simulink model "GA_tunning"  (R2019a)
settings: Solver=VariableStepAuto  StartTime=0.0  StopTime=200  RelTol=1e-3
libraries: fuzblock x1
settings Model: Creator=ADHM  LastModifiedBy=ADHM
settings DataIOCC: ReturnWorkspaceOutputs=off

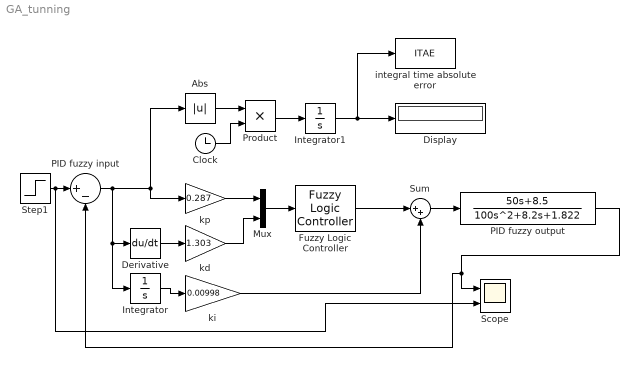
== system GA_tunning ==
  Abs : Abs
  Clock : Clock
  Derivative : Derivative
  Display : Display
  Fuzzy Logic Controller : fuzblock/Fuzzy Logic  Controller  FIS='PID_like_fuzzy_sugeno.fis'  OutputSampleNumber=101  DataType=double  FuzzifiedInputs=off  RuleFiringStrengths=off  RuleOutputs=off  AggregatedOutputs=off  SimulateUsing=Interpreted execution  OutOfRangeInputValueMessage=warning  NoRuleFiredMessage=warning  EmptyOutputFuzzySetMessage=warning
  Integrator : Integrator
  Integrator1 : Integrator
  Mux : Mux  Inputs=2
  "PID fuzzy input " : Sum  Inputs=|+-
  PID fuzzy output : TransferFcn  Numerator=[50 8.5]  Denominator=[100 8.2 1.822]
  Product : Product
  Scope : Scope  NumInputPorts=2
  Step1 : Step  After=30  SampleTime=0
  Sum : Sum  Inputs=|++
  integral time absolute error : ToWorkspace  VariableName=ITAE  SampleTime=-1
  kd : Gain  Gain=1.303
  ki : Gain  Gain=0.00998
  kp : Gain  Gain=0.287
  wires:
  Integrator1/1 -> integral time absolute error/1, Display/1
  Step1/1 -> Scope/2, "PID fuzzy input "/1
  ki/1 -> Sum/2
  Derivative/1 -> kd/1
  PID fuzzy output/1 -> Scope/1, "PID fuzzy input "/2
  kd/1 -> Mux/2
  "PID fuzzy input "/1 -> Abs/1, kp/1, Integrator/1, Derivative/1
  Integrator/1 -> ki/1
  kp/1 -> Mux/1
  Product/1 -> Integrator1/1
  Sum/1 -> PID fuzzy output/1
  Abs/1 -> Product/1
  Clock/1 -> Product/2
  Mux/1 -> Fuzzy Logic Controller/1
  Fuzzy Logic Controller/1 -> Sum/1

■ ■ ■ ■ ■ ■ ■

_What is being asked_
The entries above hold the needed span. Transcribe exactly the lines from the one with "Derivative/1 -> kd/1" to the one with "Abs/1 -> Product/1", both included.

_Solution for this exercise_
  Derivative/1 -> kd/1
  PID fuzzy output/1 -> Scope/1, "PID fuzzy input "/2
  kd/1 -> Mux/2
  "PID fuzzy input "/1 -> Abs/1, kp/1, Integrator/1, Derivative/1
  Integrator/1 -> ki/1
  kp/1 -> Mux/1
  Product/1 -> Integrator1/1
  Sum/1 -> PID fuzzy output/1
  Abs/1 -> Product/1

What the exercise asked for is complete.